Some companies would conclude that employee is looking to leave the company, which could then initiate efforts to terminate the worker if only out of concern they might use their remaining time to gather sensitive company information for use at a new job with a competitor.

But it could be that employee was simply glancing at a job listing for a family member, Nguyen said, such as for a teen moping about at home.

Now, that employee who had no intention of leaving is going to have to, Rivers lamented.

Use of surveillance technology has numerous other potential to implicate violations of federal and state laws, such as Illinois’ biometric privacy law, the California Privacy Rights Act of 2020 and the National Labor Relations Act. The latter affords employees certain protections to discuss terms and conditions of employment.

The Federal Wiretap Act and the Stored Communications Act may also come to play. But Europe has in some respects more restrictive employee surveillance and data collection laws such as under the General Data Protection Regulation Act.

In a survey of C-suite executives released last month by the employment law firm Littler Mendelson, nearly 40% respondents said their organization used automated monitoring systems to track generative AI use among employees

in its report on the study, Littler called the hefty percentage surprising, “given the ongoing focus on privacy protections in the workplace. … Employers that do so should be diligent about protecting employee data, adhering to labor-law obligations, and avoiding any perception of bias or discrimination.”

The panel pointed to studies indicating that just one-third of employees receive clear guidelines about monitoring practices.

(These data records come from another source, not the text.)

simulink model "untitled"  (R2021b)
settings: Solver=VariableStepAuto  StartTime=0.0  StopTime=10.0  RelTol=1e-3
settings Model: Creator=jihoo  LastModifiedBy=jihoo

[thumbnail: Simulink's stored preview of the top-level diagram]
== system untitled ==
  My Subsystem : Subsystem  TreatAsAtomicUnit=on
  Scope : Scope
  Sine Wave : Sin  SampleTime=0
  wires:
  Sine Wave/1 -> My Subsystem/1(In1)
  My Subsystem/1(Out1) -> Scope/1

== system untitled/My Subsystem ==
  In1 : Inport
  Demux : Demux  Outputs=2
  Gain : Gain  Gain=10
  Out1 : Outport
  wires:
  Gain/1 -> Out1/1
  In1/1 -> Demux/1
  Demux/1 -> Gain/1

George Dunston, chief privacy officer and associate general counsel of Barnes & Noble, said his company has an employee privacy policy. He read from sections noting the company does not use surveillance as a tool to control the working activity of employees but rather only to protect its legitimate business interests.

Such policies may be helpful not just for legal reasons. According to data cited by the panel, 27% of employees consider quitting if subjected to surveillance, with nearly 60% questioning the morality of such practices.

“Additionally, the impact on job satisfaction, burnout and micromanagement is significant, with many employees feeling stressed and over-observed,” stated the panel’s synopsis.

Dunston urged general counsel to obtain buy-in from the C-suite and from the board regarding surveillance and privacy policies. That includes involving all stakeholders in the company to define purpose and scope for legitimate business needs, balanced with employee morale and legal compliance.

Panelists also suggested obtaining employee notification and consent for monitoring, along with regular training on technology use.

Related: Personalization, technology, and affordability: The future of employee benefits

“Really look at your acceptable use policies,” Rivers emphasized.

The consequences for not using surveillance technology lawfully can be expensive.

In January, the French Data Protection Agency fined Amazon $35 million, alleging it was using an “excessively intrusive system” to monitor warehouse worker scanning speeds and periods of inactivity, putting the company in violation of the European Union’s General Data Protection Regulation.

Amazon denied the allegations, calling them “factually incorrect” and defending its warehouse management systems as “industry standard” and “necessary for ensuring the safety, quality and efficiency of operations and to track the storage of inventory and processing of packages on time and in line with customer expectations.”

Panelists said AI adoption is creating the potential for even greater mistakes. How, for example, do you make sure an AI tool doesn’t have a bias built-in, Nguyen wondered.

As surveillance tech rapidly develops, employers need to pause and think thoroughly about the implications of its use, Rivers said. She challenged employers to ask what is the “least intrusive” way to accomplish the task.

“Employee trust is a big one that I keep coming back to.”